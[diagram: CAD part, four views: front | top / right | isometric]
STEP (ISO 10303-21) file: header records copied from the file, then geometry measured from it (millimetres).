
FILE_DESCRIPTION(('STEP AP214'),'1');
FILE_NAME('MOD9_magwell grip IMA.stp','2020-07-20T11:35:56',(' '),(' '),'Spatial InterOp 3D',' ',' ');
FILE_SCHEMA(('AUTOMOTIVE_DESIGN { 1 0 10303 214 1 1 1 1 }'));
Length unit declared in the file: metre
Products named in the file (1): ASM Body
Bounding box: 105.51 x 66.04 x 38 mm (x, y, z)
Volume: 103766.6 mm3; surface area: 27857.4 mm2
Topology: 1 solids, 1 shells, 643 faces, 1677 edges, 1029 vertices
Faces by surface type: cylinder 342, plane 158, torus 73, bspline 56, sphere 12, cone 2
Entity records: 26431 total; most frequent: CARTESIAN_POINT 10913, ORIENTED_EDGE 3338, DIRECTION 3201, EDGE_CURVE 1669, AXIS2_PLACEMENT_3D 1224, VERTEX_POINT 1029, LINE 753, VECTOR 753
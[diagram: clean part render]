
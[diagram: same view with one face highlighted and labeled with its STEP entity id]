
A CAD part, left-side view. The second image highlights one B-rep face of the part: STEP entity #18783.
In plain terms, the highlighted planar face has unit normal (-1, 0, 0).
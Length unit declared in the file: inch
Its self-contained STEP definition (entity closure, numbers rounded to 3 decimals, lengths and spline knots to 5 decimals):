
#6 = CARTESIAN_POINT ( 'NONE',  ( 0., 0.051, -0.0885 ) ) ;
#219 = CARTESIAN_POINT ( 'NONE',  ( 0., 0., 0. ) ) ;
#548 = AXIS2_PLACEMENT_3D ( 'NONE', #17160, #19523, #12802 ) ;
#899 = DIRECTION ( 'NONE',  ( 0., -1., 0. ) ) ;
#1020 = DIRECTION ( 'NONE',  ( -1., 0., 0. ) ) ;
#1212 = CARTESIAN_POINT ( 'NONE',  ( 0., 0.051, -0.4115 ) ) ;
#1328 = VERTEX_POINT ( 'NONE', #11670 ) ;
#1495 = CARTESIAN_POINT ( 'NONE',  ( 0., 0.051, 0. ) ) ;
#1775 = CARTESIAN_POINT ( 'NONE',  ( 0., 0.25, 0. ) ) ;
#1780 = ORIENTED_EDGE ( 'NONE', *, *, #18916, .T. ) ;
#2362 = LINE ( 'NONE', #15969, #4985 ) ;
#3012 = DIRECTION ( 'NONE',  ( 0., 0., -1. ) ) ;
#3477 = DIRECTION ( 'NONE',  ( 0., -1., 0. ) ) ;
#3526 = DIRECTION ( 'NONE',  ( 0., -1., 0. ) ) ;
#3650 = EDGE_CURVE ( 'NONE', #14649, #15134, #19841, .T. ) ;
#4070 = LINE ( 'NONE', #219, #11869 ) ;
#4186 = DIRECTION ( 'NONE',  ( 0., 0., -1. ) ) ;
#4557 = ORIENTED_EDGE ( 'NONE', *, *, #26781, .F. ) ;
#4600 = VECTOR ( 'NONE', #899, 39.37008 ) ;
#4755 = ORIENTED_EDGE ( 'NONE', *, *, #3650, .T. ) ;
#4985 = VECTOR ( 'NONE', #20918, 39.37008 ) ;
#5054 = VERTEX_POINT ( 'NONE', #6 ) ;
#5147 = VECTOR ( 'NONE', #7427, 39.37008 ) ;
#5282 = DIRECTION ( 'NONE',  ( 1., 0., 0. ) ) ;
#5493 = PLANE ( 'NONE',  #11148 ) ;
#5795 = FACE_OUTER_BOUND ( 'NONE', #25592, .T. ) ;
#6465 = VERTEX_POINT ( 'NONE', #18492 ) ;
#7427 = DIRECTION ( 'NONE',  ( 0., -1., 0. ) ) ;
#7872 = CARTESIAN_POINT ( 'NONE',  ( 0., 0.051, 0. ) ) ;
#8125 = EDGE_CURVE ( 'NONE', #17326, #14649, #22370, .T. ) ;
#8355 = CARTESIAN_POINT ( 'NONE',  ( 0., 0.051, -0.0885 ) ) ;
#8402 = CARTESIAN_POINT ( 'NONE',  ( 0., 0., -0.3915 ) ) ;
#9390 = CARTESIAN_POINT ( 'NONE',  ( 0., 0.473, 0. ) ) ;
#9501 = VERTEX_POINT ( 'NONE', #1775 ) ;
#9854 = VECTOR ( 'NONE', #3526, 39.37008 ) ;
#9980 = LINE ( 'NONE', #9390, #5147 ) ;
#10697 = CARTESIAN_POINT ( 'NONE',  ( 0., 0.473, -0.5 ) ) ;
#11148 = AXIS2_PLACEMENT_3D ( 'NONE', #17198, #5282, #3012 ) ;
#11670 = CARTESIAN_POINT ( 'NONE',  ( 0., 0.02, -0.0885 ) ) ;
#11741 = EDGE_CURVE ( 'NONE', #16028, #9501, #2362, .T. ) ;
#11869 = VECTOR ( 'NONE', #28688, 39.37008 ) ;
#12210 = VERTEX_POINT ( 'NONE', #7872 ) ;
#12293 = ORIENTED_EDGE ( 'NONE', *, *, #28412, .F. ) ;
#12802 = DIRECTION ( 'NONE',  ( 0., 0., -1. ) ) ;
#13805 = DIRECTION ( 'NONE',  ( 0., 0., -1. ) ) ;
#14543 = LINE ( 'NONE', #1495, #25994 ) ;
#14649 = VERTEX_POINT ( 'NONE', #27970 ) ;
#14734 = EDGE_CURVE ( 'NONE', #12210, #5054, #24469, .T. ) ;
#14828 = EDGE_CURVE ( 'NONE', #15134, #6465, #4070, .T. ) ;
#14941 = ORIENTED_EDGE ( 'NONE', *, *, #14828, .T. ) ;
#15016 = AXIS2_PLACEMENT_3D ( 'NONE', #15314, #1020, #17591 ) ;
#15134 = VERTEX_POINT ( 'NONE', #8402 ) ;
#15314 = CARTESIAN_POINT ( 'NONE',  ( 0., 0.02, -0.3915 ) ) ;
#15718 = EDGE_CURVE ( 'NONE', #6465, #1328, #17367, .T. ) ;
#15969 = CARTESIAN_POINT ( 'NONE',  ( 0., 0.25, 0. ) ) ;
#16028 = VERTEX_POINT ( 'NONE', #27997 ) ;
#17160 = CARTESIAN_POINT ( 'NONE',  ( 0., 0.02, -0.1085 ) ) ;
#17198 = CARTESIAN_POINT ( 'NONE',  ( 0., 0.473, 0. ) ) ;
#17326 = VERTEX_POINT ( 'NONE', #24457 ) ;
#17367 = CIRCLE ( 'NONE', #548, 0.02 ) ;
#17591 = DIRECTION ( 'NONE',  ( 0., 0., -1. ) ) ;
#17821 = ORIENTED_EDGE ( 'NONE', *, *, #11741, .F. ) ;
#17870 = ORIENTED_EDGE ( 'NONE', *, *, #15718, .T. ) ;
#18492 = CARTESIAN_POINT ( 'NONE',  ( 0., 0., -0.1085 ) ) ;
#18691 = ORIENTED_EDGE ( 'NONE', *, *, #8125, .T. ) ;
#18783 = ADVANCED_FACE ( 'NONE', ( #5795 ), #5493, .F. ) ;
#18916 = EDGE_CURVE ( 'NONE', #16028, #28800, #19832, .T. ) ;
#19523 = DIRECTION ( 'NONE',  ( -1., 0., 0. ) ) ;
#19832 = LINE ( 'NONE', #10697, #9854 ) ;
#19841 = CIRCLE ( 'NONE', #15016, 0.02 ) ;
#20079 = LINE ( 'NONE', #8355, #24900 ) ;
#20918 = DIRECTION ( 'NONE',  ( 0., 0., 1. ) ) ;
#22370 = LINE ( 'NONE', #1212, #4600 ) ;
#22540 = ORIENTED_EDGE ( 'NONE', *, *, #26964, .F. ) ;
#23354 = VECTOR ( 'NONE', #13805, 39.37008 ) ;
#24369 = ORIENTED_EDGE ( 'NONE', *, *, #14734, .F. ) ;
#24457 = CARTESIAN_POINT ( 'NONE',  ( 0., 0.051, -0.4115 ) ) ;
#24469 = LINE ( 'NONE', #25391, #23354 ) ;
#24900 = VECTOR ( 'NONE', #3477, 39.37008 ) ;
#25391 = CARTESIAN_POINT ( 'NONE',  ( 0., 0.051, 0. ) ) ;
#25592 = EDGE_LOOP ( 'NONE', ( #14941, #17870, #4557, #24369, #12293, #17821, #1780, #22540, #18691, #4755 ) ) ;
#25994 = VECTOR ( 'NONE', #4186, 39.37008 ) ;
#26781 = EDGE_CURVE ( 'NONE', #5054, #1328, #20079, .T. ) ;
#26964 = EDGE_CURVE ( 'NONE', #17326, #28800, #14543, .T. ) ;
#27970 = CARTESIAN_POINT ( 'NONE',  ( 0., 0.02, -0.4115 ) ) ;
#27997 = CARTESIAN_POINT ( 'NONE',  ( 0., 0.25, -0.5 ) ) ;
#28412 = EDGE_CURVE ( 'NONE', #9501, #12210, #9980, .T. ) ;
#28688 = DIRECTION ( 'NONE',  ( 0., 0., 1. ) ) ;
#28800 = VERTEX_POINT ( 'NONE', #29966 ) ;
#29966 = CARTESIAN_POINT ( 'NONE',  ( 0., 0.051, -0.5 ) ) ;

- [WORK TASK]:
Going through the listing above, count the lines in which the word "surface" appears, and give only the number.

- [RESULT OF THIS TASK]:
2